• WHAT YOU ARE ASKED TO DO:
Needed from the data below: all lines that contain the word "Plane".

(DATA EXCERPTS begins)

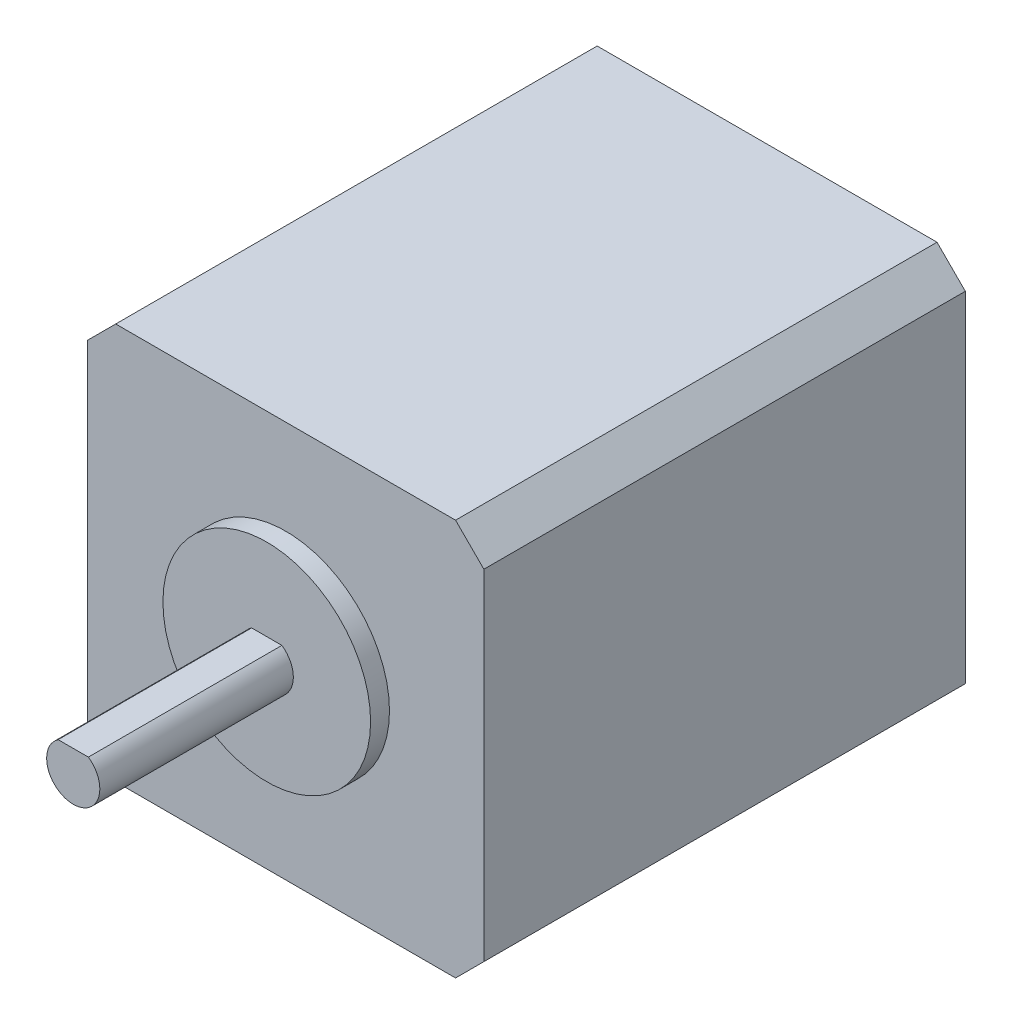
from build123d import *

# Parameters (mm, degrees)
SKETCH_1_W      = 42
SKETCH_1_H      = 42
EXTRUDE_1_DEPTH = 51
SKETCH_2_R      = 11
EXTRUDE_2_DEPTH = 2
EXTRUDE_3_DEPTH = 20.5
CHAMFER_1_SIZE  = 3


with BuildPart() as part:
    # 草图1 → 凸台-拉伸1 (new body)
    with BuildSketch(Plane.XY):
        Rectangle(SKETCH_1_W, SKETCH_1_H)
    extrude(amount=EXTRUDE_1_DEPTH)

    # 草图2 → 凸台-拉伸2 (add)
    with BuildSketch(Plane.XY.offset(51)):
        Circle(SKETCH_2_R)
    extrude(amount=EXTRUDE_2_DEPTH)

    # 草图3 → 凸台-拉伸3 (add)
    with BuildSketch(Plane.XY.offset(53)):
        with BuildLine():
            Line((-1.601826622, 2.315848528), (1.601826622, 2.315848528))
            ThreePointArc((1.601826622, 2.315848528), (0, -2.815848528), (-1.601826622, 2.315848528))
        make_face()
    extrude(amount=EXTRUDE_3_DEPTH)

    # 倒角1
    chamfer_1_edges = [part.edges().sort_by_distance(p)[0] for p in [
        (21, -21, 25.5),
        (-21, -21, 25.5),
        (-21, 21, 25.5),
        (21, 21, 25.5),
    ]]
    chamfer(chamfer_1_edges, length=CHAMFER_1_SIZE)


solid = part.part

(DATA EXCERPTS ends)

• EXERCISE RESULT:
    with BuildSketch(Plane.XY):
    with BuildSketch(Plane.XY.offset(51)):
    with BuildSketch(Plane.XY.offset(53)):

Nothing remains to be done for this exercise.